TASK TO COMPLETE -
From the top of the entries, reproduce each line exactly, stopping after the line that contains "msp = doc.modelspace()". Omit pictures.
========================================================================
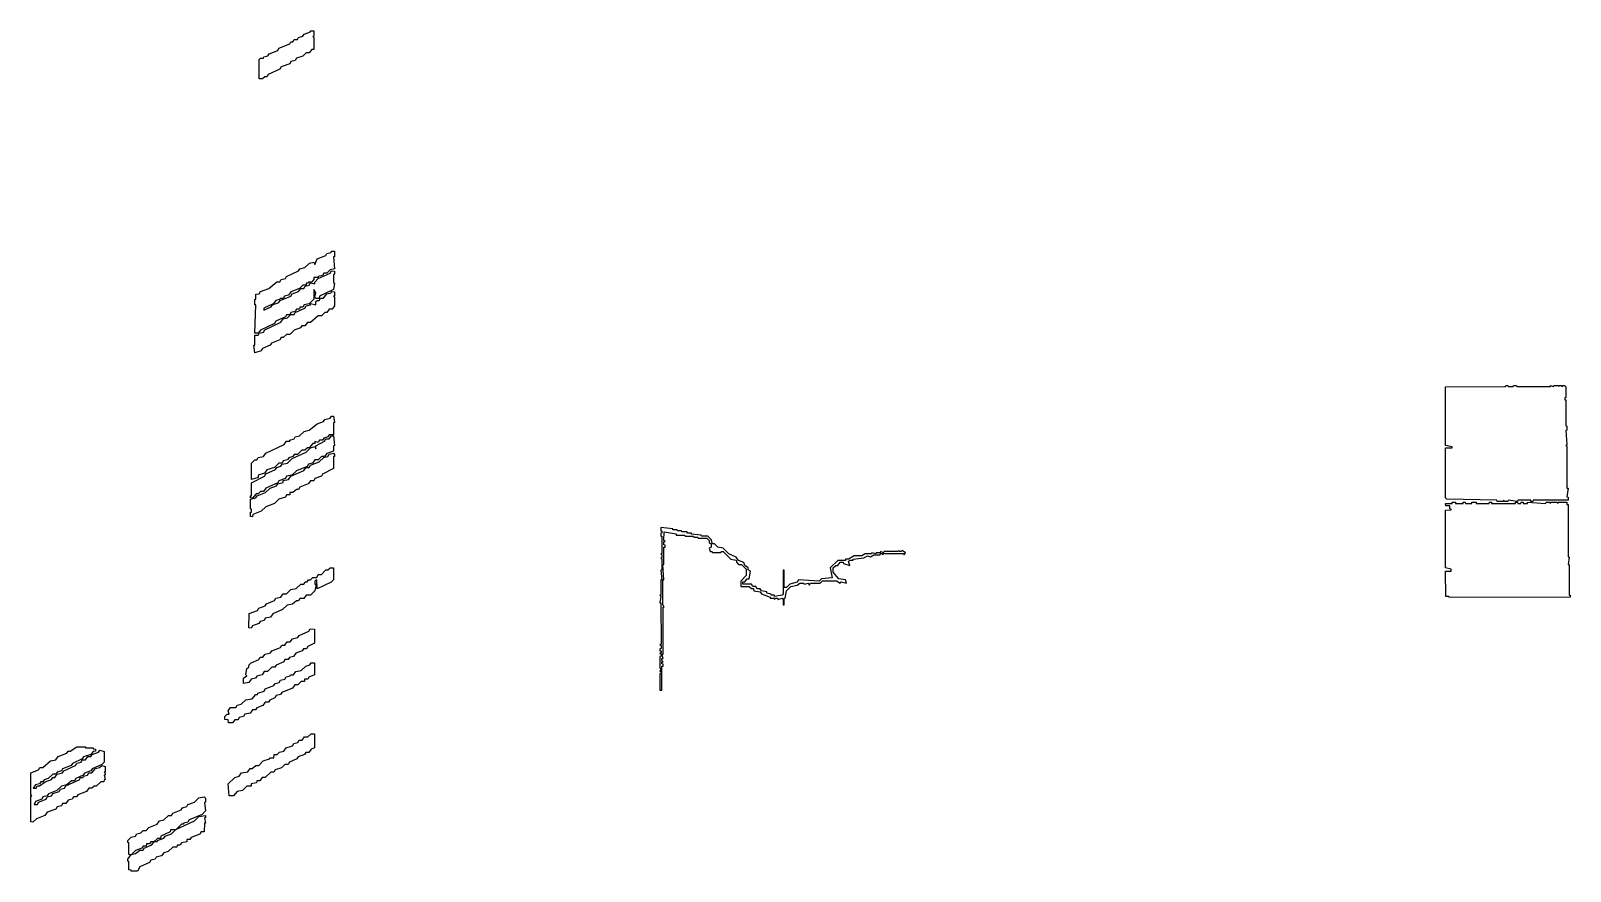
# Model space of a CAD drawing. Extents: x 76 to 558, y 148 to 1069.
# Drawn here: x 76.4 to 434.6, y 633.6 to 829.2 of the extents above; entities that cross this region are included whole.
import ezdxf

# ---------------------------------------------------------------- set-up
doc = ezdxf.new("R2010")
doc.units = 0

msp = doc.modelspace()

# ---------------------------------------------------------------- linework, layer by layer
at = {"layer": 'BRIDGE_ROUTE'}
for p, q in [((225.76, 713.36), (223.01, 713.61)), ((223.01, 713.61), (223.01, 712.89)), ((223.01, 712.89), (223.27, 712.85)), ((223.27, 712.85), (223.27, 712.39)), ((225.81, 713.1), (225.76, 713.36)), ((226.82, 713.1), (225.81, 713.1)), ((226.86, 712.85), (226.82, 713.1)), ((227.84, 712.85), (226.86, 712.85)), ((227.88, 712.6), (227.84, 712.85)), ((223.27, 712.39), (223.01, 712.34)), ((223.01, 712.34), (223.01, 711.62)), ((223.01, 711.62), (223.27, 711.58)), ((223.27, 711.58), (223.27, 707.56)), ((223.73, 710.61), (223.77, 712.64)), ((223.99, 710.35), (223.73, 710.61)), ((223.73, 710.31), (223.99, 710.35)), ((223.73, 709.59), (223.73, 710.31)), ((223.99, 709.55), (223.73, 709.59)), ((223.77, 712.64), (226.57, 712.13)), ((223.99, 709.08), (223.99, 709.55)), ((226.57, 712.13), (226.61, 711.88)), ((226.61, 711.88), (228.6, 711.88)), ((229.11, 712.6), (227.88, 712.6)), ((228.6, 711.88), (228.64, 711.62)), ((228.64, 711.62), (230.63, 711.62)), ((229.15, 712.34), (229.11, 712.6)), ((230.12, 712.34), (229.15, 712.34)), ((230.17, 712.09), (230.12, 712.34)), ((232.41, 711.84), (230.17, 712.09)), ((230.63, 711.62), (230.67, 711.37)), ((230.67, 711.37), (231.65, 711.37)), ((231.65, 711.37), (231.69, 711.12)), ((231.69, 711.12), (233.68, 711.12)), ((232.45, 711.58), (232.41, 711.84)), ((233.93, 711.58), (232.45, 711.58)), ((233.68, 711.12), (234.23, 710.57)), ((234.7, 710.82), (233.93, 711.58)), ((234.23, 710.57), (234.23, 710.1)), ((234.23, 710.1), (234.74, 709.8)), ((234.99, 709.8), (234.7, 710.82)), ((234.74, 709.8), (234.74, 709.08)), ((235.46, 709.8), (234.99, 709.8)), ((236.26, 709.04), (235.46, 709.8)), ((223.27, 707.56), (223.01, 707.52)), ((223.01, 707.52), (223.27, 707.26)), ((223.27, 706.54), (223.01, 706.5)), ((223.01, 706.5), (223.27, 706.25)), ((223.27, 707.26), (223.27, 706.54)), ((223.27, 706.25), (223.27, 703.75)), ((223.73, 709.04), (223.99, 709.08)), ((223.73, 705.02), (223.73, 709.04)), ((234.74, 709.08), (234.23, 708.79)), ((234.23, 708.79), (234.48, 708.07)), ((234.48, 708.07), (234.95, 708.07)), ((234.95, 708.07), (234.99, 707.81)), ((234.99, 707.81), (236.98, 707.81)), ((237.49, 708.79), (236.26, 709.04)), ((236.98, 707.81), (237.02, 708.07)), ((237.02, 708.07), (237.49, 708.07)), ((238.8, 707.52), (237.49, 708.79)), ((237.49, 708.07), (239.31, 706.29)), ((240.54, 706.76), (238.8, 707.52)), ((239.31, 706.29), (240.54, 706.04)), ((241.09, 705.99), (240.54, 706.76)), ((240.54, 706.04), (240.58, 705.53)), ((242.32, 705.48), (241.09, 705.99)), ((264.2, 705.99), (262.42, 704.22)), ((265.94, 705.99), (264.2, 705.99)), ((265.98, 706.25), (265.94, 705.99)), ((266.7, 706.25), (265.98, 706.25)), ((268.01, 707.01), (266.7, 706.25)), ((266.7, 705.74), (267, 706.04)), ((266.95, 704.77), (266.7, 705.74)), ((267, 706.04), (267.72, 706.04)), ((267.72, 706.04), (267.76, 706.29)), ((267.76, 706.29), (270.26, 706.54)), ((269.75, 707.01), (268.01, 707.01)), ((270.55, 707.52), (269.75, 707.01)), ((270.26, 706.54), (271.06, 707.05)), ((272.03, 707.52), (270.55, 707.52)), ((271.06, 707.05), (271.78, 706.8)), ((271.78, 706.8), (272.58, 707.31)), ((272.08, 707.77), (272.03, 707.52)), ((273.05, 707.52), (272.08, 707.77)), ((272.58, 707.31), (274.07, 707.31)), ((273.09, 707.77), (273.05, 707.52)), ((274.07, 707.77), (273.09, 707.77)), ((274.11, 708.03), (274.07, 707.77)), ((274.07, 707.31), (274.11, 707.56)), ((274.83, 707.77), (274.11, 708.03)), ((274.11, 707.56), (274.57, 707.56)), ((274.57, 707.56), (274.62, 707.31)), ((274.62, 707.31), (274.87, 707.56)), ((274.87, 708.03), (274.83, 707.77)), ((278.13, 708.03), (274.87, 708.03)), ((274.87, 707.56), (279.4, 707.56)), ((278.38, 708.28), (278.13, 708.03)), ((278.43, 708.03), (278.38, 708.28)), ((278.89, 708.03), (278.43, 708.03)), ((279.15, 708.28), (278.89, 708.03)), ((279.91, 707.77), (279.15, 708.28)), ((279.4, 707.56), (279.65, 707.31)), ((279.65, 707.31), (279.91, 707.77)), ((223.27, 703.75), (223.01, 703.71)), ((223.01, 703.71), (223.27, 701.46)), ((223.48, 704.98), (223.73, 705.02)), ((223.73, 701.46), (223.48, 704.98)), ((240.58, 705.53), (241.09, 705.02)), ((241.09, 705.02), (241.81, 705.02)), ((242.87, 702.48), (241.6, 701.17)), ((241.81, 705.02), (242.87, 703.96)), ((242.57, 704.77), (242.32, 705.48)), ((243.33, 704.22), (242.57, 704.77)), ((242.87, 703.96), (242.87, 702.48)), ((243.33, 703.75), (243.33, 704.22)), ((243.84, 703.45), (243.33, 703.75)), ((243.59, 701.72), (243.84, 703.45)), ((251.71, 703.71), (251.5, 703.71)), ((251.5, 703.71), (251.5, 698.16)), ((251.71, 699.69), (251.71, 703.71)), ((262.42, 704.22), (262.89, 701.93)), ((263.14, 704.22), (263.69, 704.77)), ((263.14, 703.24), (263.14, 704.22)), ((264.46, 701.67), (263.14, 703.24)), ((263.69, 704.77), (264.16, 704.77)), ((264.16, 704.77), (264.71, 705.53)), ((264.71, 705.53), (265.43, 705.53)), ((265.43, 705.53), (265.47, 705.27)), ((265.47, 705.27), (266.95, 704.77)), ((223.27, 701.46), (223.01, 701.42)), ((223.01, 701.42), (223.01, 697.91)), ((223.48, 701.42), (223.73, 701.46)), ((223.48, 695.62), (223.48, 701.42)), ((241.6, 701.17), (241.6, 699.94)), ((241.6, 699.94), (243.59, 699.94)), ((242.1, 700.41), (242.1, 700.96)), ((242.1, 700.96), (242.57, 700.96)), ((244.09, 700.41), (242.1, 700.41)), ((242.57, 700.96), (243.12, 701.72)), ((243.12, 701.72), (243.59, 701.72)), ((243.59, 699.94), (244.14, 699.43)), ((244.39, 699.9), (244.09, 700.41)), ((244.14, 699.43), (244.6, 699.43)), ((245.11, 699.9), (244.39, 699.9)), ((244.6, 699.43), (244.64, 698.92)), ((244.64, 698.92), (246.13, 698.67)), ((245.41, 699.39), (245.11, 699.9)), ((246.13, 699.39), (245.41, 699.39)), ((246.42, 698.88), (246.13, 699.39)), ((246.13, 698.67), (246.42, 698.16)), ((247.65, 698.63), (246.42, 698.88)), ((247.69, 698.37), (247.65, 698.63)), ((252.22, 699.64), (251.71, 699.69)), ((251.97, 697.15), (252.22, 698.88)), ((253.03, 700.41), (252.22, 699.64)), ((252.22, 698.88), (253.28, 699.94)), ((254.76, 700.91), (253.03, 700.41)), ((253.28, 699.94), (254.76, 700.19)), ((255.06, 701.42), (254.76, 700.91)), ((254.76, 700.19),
========================================================================
SOLUTION FOR THIS EXERCISE -
# Model space of a CAD drawing. Extents: x 76 to 558, y 148 to 1069.
# Drawn here: x 76.4 to 434.6, y 633.6 to 829.2 of the extents above; entities that cross this region are included whole.
import ezdxf

# ---------------------------------------------------------------- set-up
doc = ezdxf.new("R2010")
doc.units = 0

msp = doc.modelspace()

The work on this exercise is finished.